WHAT YOU ARE ASKED TO DO. Transcribe the material verbatim, starting at its first line and stopping once the line containing "1-K4 : Constant" has been given; no picture should appear.

%%

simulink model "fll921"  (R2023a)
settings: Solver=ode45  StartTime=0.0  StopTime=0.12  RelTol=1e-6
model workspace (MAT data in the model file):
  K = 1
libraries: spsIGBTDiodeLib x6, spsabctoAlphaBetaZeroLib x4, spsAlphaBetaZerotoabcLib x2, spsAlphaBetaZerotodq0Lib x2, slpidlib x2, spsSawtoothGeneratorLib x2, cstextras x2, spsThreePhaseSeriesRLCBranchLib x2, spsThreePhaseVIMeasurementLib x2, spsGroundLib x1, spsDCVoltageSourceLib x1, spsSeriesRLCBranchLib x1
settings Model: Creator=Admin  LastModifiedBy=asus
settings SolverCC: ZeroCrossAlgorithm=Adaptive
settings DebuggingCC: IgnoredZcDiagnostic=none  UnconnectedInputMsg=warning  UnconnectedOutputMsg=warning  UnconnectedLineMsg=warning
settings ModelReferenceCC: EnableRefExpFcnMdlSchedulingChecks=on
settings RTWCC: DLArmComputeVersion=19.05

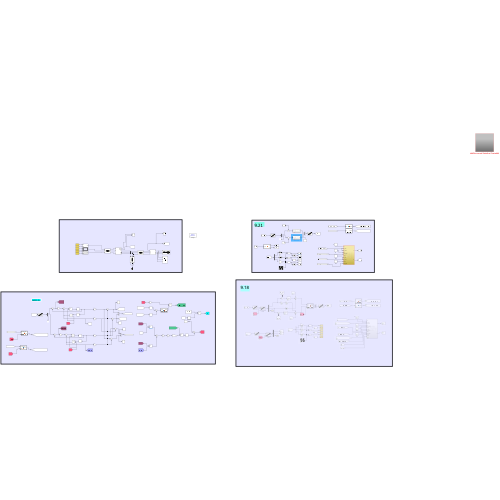
[thumbnail: Simulink's stored preview of the top-level diagram]
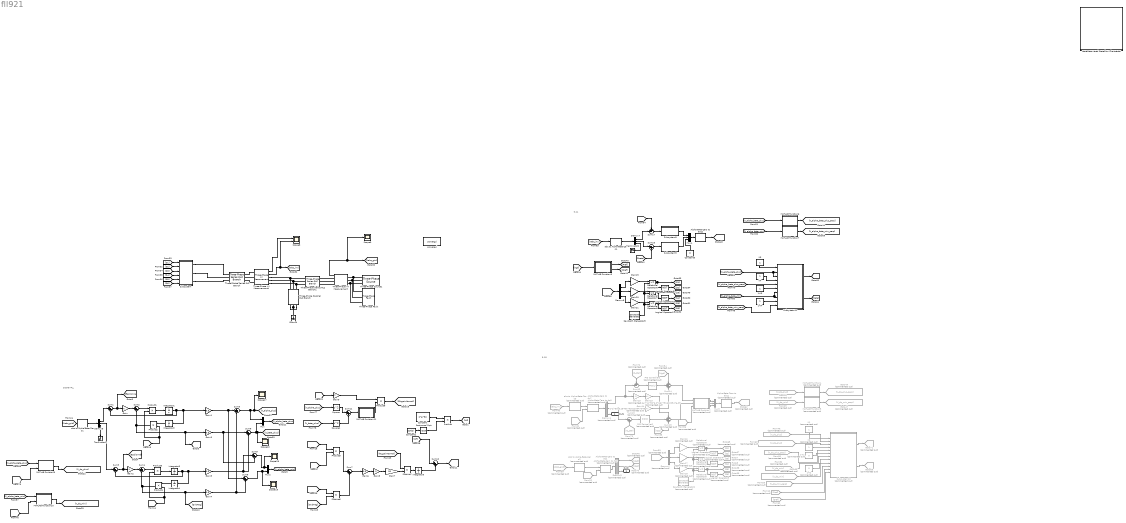
== system fll921 ==
  note: DSOGI-FLL
  note: 9.21
  note: 9.18
  ###Recovered Stateflow Charts### : Subsystem
  1-K1 : Constant  Commented=on  Value=0
  1-K2 : Constant  Commented=on  Value=0
  1-K3 : Constant
  1-K4 : Constant
  Alpha-Beta-Zero to abc1 : spsAlphaBetaZerotoabcLib/Alpha-Beta-Zero to abc  Commented=on
  Alpha-Beta-Zero to abc2 : spsAlphaBetaZerotoabcLib/Alpha-Beta-Zero to abc
  Alpha-Beta-Zero to dq1 : spsAlphaBetaZerotodq0Lib/Alpha-Beta-Zero to dq0  Commented=on  Alignment=90 degrees behind phase A axis
  Alpha-Beta-Zero to dq2 : spsAlphaBetaZerotodq0Lib/Alpha-Beta-Zero to dq0  Commented=on  Alignment=90 degrees behind phase A axis
  Constant : Constant  Value=2*pi*50
  Constant1 : Constant  Value=sqrt(2)
  Constant3 : Constant  Value=0
  Demux3 : Demux  Commented=on  Outputs=3
  Demux4 : Demux  Commented=on  Outputs=3
  Demux5 : Demux  Outputs=3
  Demux6 : Demux  Commented=on  Outputs=3
  Demux7 : Demux  Outputs=3
  Demux8 : Demux  Outputs=3
  From12 : From  Commented=on  GotoTag=Pref
  From20 : From  Commented=on  GotoTag=omega
  From21 : From  Commented=on  GotoTag=omega
  From28 : From  Commented=on  GotoTag=V_dq_plus
  From29 : From  Commented=on  GotoTag=V_dq_min
  From39 : From  Commented=on  GotoTag=Vabc_grid
  From40 : From  Commented=on  GotoTag=Iabc_inv
  From49 : From  Commented=on  GotoTag=V_dq_plus
  From50 : From  Commented=on  GotoTag=V_dq_plus_perp
  From52 : From  Commented=on  GotoTag=V_dq_min
  From53 : From  Commented=on  GotoTag=V_dq_min_perp
  From54 : From  Commented=on  GotoTag=Vgd
  From55 : From  Commented=on  GotoTag=Vgq
  From56 : From  Commented=on  GotoTag=omega
  From59 : From  Commented=on  GotoTag=Vabc_inv
  From62 : From  Commented=on  GotoTag=Qref
  From68 : From  Commented=on  GotoTag=V_dq_plus
  From69 : From  Commented=on  GotoTag=V_dq_min
  From72 : From  Commented=on  GotoTag=Id_star
  From73 : From  Commented=on  GotoTag=Iq_star
  Gain : Gain  Gain=K
  Gain{1,3..6} (5 alike) : Gain  Gain=0.5
  Gain13 : Gain  Commented=on  Gain=2*pi*50*6.254627916220947e-05
  Gain14 : Gain  Commented=on  Gain=2*pi*50*6.254627916220947e-05
  Gain15 : Gain  Commented=on  Gain=-1
  Gain16 : Gain  Commented=on  Gain=2/800
  Gain17 : Gain  Commented=on  Gain=2/800
  Gain18 : Gain  Commented=on  Gain=2/800
  Gain19 : Gain  Gain=2/800
  Gain2 : Gain  Gain=K
  Gain20 : Gain  Gain=2/800
  Gain21 : Gain  Gain=2/800
  Gain7 : Gain  Gain=50
  Gain8 : Gain  Gain=-1
  Gain9 : Gain  Gain=K
  Goto38 : Goto  Commented=on  GotoTag=S5
  Goto39 : Goto  Commented=on  GotoTag=S6
  Goto43 : Goto  Commented=on  GotoTag=V_dq_plus_perp
  Goto46 : Goto  Commented=on  GotoTag=Vgd
  Goto47 : Goto  Commented=on  GotoTag=V_dq_min_perp
  Goto62 : Goto  Commented=on  GotoTag=Vabc_inv
  Goto65 : Goto  Commented=on  GotoTag=S1
  Goto67 : Goto  Commented=on  GotoTag=S2
  Goto68 : Goto  Commented=on  GotoTag=Iq_star
  Goto7 : Goto  Commented=on  GotoTag=S3
  Goto70 : Goto  Commented=on  GotoTag=Vgq
  Goto71 : Goto  Commented=on  GotoTag=Id_star
  Goto8 : Goto  Commented=on  GotoTag=S4
  Ground : spsGroundLib/Ground  LConnTagsString=a
  Integrator{1..5} (5 alike) : Integrator
  "K1 " : Constant  Commented=on
  K2 : Constant  Commented=on
  K3 : Constant
  K4 : Constant
  Logical Operator10 : Logic  Operator=NOT  AllPortsSameDT=off  OutDataTypeStr=boolean
  Logical Operator11 : Logic  Operator=NOT  AllPortsSameDT=off  OutDataTypeStr=boolean
  Logical Operator3 : Logic  Commented=on  Operator=NOT  AllPortsSameDT=off  OutDataTypeStr=boolean
  Logical Operator4 : Logic  Commented=on  Operator=NOT  AllPortsSameDT=off  OutDataTypeStr=boolean
  Logical Operator5 : Logic  Commented=on  Operator=NOT  AllPortsSameDT=off  OutDataTypeStr=boolean
  Logical Operator9 : Logic  Operator=NOT  AllPortsSameDT=off  OutDataTypeStr=boolean
  MATLAB Function10 : MATLAB Function  TreatAsAtomicUnit=on
  MATLAB Function11 : MATLAB Function  TreatAsAtomicUnit=on
  MATLAB Function2 : MATLAB Function  Commented=on  TreatAsAtomicUnit=on
  MATLAB Function3 : MATLAB Function  TreatAsAtomicUnit=on
  MATLAB Function4 : MATLAB Function  Commented=on  TreatAsAtomicUnit=on
  MATLAB Function5 : MATLAB Function  Commented=on  TreatAsAtomicUnit=on
  MATLAB Function6 : MATLAB Function  TreatAsAtomicUnit=on
  MATLAB Function7 : MATLAB Function  TreatAsAtomicUnit=on
  MATLAB Function9 : MATLAB Function  TreatAsAtomicUnit=on
  Mux : Mux  Inputs=2
  Mux2 : Mux  Inputs=2
  Mux3 : Mux  Commented=on  Inputs=3
  Mux4 : Mux  Inputs=3
  PID Controller1 : slpidlib/PID Controller  Commented=on  Controller=PID  Form=Parallel  TimeDomain=Discrete-time  UseExternalTs=off  SampleTime=-1  IntegratorMethod=Forward Euler  FilterMethod=Forward Euler  ControllerParametersSource=internal  P=5  I=1  UseKiTs=off  D=0  N=100  UseFilter=on  TunerSelectOption=Transfer Function Based (PID Tuner App)  InitialConditionSource=internal  InitialConditionForIntegrator=0  InitialConditionForFilter=0  DifferentiatorICPrevScaledInput=0  ExternalReset=none  TrackingMode=off  Kt=1  LimitOutput=off  SatLimitsSource=internal  UpperSaturationLimit=inf  LowerSaturationLimit=-inf  LinearizeAsGain=on  AntiWindupMode=none  Kb=1  LimitIntegrator=off  UpperIntegratorSaturationLimit=inf  LowerIntegratorSaturationLimit=-inf  POutMin=[]  POutMax=[]  IOutMin=[]  IOutMax=[]  DOutMin=[]  DOutMax=[]  NOutMin=[]  NOutMax=[]  SumOutMin=[]  SumOutMax=[]  SaturationOutMin=[]  SaturationOutMax=[]  PParamMin=[]  PParamMax=[]  IParamMin=[]  IParamMax=[]  DParamMin=[]  DParamMax=[]  NParamMin=[]  NParamMax=[]  KbParamMin=[]  KbParamMax=[]  KtParamMin=[]  KtParamMax=[]  KbOutMin=[]  KbOutMax=[]  KtOutMin=[]  KtOutMax=[]  IntegratorOutMin=[]  IntegratorOutMax=[]  FilterOutMin=[]  FilterOutMax=[]  SumI1OutMin=[]  SumI1OutMax=[]  SumI2OutMin=[]  SumI2OutMax=[]  SumI3OutMin=[]  SumI3OutMax=[]  SumI4OutMin=[]  SumI4OutMax=[]  SumDOutMin=[]  SumDOutMax=[]  DifferentiatorOutMin=[]  DifferentiatorOutMax=[]  FilterDiffOutCoefMin=[]  FilterDiffOutCoefMax=[]  ReciprocalOutMin=[]  ReciprocalOutMax=[]  SumDenOutMin=[]  SumDenOutMax=[]  SumNumOutMin=[]  SumNumOutMax=[]  DivideOutMin=[]  DivideOutMax=[]  UdiffTsProdOutMin=[]  UdiffTsProdOutMax=[]  NTsProdOutMin=[]  NTsProdOutMax=[]  UintegralTsProdOutMin=[]  UintegralTsProdOutMax=[]  UngainTsProdOutMin=[]  UngainTsProdOutMax=[]  ClampingZeroOutDataTypeStr=Inherit: Inherit via back propagation  ClampingZeroOutMin=[]  ClampingZeroOutMax=[]  FilterDenConstantOutDataTypeStr=Inherit: Inherit via back propagation  FilterDenConstantOutMin=[]  FilterDenConstantOutMax=[]  PCopyOutDataTypeStr=Inherit: Inherit via back propagation  PCopyOutMin=[]  PCopyOutMax=[]  NCopyOutDataTypeStr=Inherit: Inherit via back propagation  NCopyOutMin=[]  NCopyOutMax=[]  IntegratorContinuousStateAttributes=''  IntegratorStateMustResolveToSignalObject=off  IntegratorRTWStateStorageClass=Auto  FilterContinuousStateAttributes=''  FilterStateMustResolveToSignalObject=off  FilterRTWStateStorageClass=Auto  ParallelPVariant=InternalParameters  IdealPVariant=Disabled  IVariant=InternalParameters  DVariant=InternalParameters  IntegratorVariant=Discrete  SatVariant=Disabled  AWVariant=Passthrough  PCopyVariant=Disabled  TRVariant=Disabled  FdbkBlocksVariant=Forward  IdealPFdbkVariant=Disabled  SatFdbkVariant=Disabled  DerivativeFilterVariant=ForwardEulerFilter  NVariant=InternalParameters  NCopyVariant=Disabled  FilterICVariant=InternalICsFilter  IntegratorICVariant=InternalICs  ExternalResetVariant=Disabled  TRSumVariant=Passthrough  SumFdbkVariant=Disabled  SumVariant=Sum_PID  TsampFilterVariant=InternalTs  TsampNgainVariant=Passthrough  TsampIntegralVariant=Disabled_SignalSpec  ExternalSaturationOutDataTypeStr=Inherit: Same as second input
  PID Controller2 : slpidlib/PID Controller  Commented=on  Controller=PID  Form=Parallel  TimeDomain=Discrete-time  UseExternalTs=off  SampleTime=-1  IntegratorMethod=Forward Euler  FilterMethod=Forward Euler  ControllerParametersSource=internal  P=5  I=1  UseKiTs=off  D=0  N=100  UseFilter=on  TunerSelectOption=Transfer Function Based (PID Tuner App)  InitialConditionSource=internal  InitialConditionForIntegrator=0  InitialConditionForFilter=0  DifferentiatorICPrevScaledInput=0  ExternalReset=none  TrackingMode=off  Kt=1  LimitOutput=off  SatLimitsSource=internal  UpperSaturationLimit=inf  LowerSaturationLimit=-inf  LinearizeAsGain=on  AntiWindupMode=none  Kb=1  LimitIntegrator=off  UpperIntegratorSaturationLimit=inf  LowerIntegratorSaturationLimit=-inf  POutMin=[]  POutMax=[]  IOutMin=[]  IOutMax=[]  DOutMin=[]  DOutMax=[]  NOutMin=[]  NOutMax=[]  SumOutMin=[]  SumOutMax=[]  SaturationOutMin=[]  SaturationOutMax=[]  PParamMin=[]  PParamMax=[]  IParamMin=[]  IParamMax=[]  DParamMin=[]  DParamMax=[]  NParamMin=[]  NParamMax=[]  KbParamMin=[]  KbParamMax=[]  KtParamMin=[]  KtParamMax=[]  KbOutMin=[]  KbOutMax=[]  KtOutMin=[]  KtOutMax=[]  IntegratorOutMin=[]  IntegratorOutMax=[]  FilterOutMin=[]  FilterOutMax=[]  SumI1OutMin=[]  SumI1OutMax=[]  SumI2OutMin=[]  SumI2OutMax=[]  SumI3OutMin=[]  SumI3OutMax=[]  SumI4OutMin=[]  SumI4OutMax=[]  SumDOutMin=[]  SumDOutMax=[]  DifferentiatorOutMin=[]  DifferentiatorOutMax=[]  FilterDiffOutCoefMin=[]  FilterDiffOutCoefMax=[]  ReciprocalOutMin=[]  ReciprocalOutMax=[]  SumDenOutMin=[]  SumDenOutMax=[]  SumNumOutMin=[]  SumNumOutMax=[]  DivideOutMin=[]  DivideOutMax=[]  UdiffTsProdOutMin=[]  UdiffTsProdOutMax=[]  NTsProdOutMin=[]  NTsProdOutMax=[]  UintegralTsProdOutMin=[]  UintegralTsProdOutMax=[]  UngainTsProdOutMin=[]  UngainTsProdOutMax=[]  ClampingZeroOutDataTypeStr=Inherit: Inherit via back propagation  ClampingZeroOutMin=[]  ClampingZeroOutMax=[]  FilterDenConstantOutDataTypeStr=Inherit: Inherit via back propagation  FilterDenConstantOutMin=[]  FilterDenConstantOutMax=[]  PCopyOutDataTypeStr=Inherit: Inherit via back propagation  PCopyOutMin=[]  PCopyOutMax=[]  NCopyOutDataTypeStr=Inherit: Inherit via back propagation  NCopyOutMin=[]  NCopyOutMax=[]  IntegratorContinuousStateAttributes=''  IntegratorStateMustResolveToSignalObject=off  IntegratorRTWStateStorageClass=Auto  FilterContinuousStateAttributes=''  FilterStateMustResolveToSignalObject=off  FilterRTWStateStorageClass=Auto  ParallelPVariant=InternalParameters  IdealPVariant=Disabled  IVariant=InternalParameters  DVariant=InternalParameters  IntegratorVariant=Discrete  SatVariant=Disabled  AWVariant=Passthrough  PCopyVariant=Disabled  TRVariant=Disabled  FdbkBlocksVariant=Forward  IdealPFdbkVariant=Disabled  SatFdbkVariant=Disabled  DerivativeFilterVariant=ForwardEulerFilter  NVariant=InternalParameters  NCopyVariant=Disabled  FilterICVariant=InternalICsFilter  IntegratorICVariant=InternalICs  ExternalResetVariant=Disabled  TRSumVariant=Passthrough  SumFdbkVariant=Disabled  SumVariant=Sum_PID  TsampFilterVariant=InternalTs  TsampNgainVariant=Passthrough  TsampIntegralVariant=Disabled_SignalSpec  ExternalSaturationOutDataTypeStr=Inherit: Same as second input
  Product{,1..8} (9 alike) : Product
  Reciprocal Sqrt : Sqrt  Operator=rSqrt  IntermediateResultsDataTypeStr=double
  Relational Operator3 : RelationalOperator  Commented=on  OutDataTypeStr=boolean  RndMeth=Simplest  InputSameDT=off
  Relational Operator4 : RelationalOperator  Commented=on  OutDataTypeStr=boolean  RndMeth=Simplest  InputSameDT=off
  Relational Operator5 : RelationalOperator  Commented=on  OutDataTypeStr=boolean  RndMeth=Simplest  InputSameDT=off
  Relational Operator6 : RelationalOperator  OutDataTypeStr=boolean  RndMeth=Simplest  InputSameDT=off
  Relational Operator7 : RelationalOperator  OutDataTypeStr=boolean  RndMeth=Simplest  InputSameDT=off
  Relational Operator8 : RelationalOperator  OutDataTypeStr=boolean  RndMeth=Simplest  InputSameDT=off
  Sawtooth Generator2 : spsSawtoothGeneratorLib/Sawtooth Generator  Commented=on  Freq=120e3  Phase=180  Ts=0
  Sawtooth Generator3 : spsSawtoothGeneratorLib/Sawtooth Generator  Freq=120e3  Phase=180  Ts=0
  Scope{9..10,17..19} (5 alike) : Scope
  Scope8 : Scope  NumInputPorts=2
  Square : Math  Operator=square
  Square1 : Math  Operator=square
  Subsystem : Subsystem
  Subsystem10 : Subsystem  Commented=on
  Subsystem11 : Subsystem
  Subsystem8 : Subsystem
  Subsystem9 : Subsystem
  Sum{1..5,9} (6 alike) : Sum  Inputs=|+-
  Sum{6..8,10..11} (5 alike) : Sum  Inputs=|++
  Sum12 : Sum  Commented=on  Inputs=+-|
  Sum13 : Sum  Commented=on  Inputs=|-+
  Sum14 : Sum  Commented=on  Inputs=+++
  Sum15 : Sum  Commented=on  Inputs=+++
  Sum16 : Sum  Inputs=|-+
  Sum17 : Sum  Inputs=+-|
  Terminator1 : Terminator
  Terminator2 : Terminator
  Three-Phase Parallel RLC Branch : spsThreePhaseParallelRLCBranchLib/Three-Phase Parallel RLC Branch  LConnTagsString=A|B|C  RConnTagsString=A|B|C  BranchType=C  Resistance=1  Inductance=1e-3  Capacitance=4.22171e-05  Measurements=None
  Three-Phase Series RLC Branch : spsThreePhaseSeriesRLCBranchLib/Three-Phase Series RLC Branch  LConnTagsString=A|B|C  RConnTagsString=A|B|C  BranchType=L  Resistance=1  Inductance=25.6e-06  Capacitance=1e-6  Measurements=None
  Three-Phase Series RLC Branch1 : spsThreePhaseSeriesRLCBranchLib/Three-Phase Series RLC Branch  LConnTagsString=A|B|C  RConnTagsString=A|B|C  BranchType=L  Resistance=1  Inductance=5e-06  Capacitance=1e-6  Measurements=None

%%

COMPLETED TASK.
simulink model "fll921"  (R2023a)
settings: Solver=ode45  StartTime=0.0  StopTime=0.12  RelTol=1e-6
model workspace (MAT data in the model file):
  K = 1
libraries: spsIGBTDiodeLib x6, spsabctoAlphaBetaZeroLib x4, spsAlphaBetaZerotoabcLib x2, spsAlphaBetaZerotodq0Lib x2, slpidlib x2, spsSawtoothGeneratorLib x2, cstextras x2, spsThreePhaseSeriesRLCBranchLib x2, spsThreePhaseVIMeasurementLib x2, spsGroundLib x1, spsDCVoltageSourceLib x1, spsSeriesRLCBranchLib x1
settings Model: Creator=Admin  LastModifiedBy=asus
settings SolverCC: ZeroCrossAlgorithm=Adaptive
settings DebuggingCC: IgnoredZcDiagnostic=none  UnconnectedInputMsg=warning  UnconnectedOutputMsg=warning  UnconnectedLineMsg=warning
settings ModelReferenceCC: EnableRefExpFcnMdlSchedulingChecks=on
settings RTWCC: DLArmComputeVersion=19.05

[thumbnail: Simulink's stored preview of the top-level diagram]
== system fll921 ==
  note: DSOGI-FLL
  note: 9.21
  note: 9.18
  ###Recovered Stateflow Charts### : Subsystem
  1-K1 : Constant  Commented=on  Value=0
  1-K2 : Constant  Commented=on  Value=0
  1-K3 : Constant
  1-K4 : Constant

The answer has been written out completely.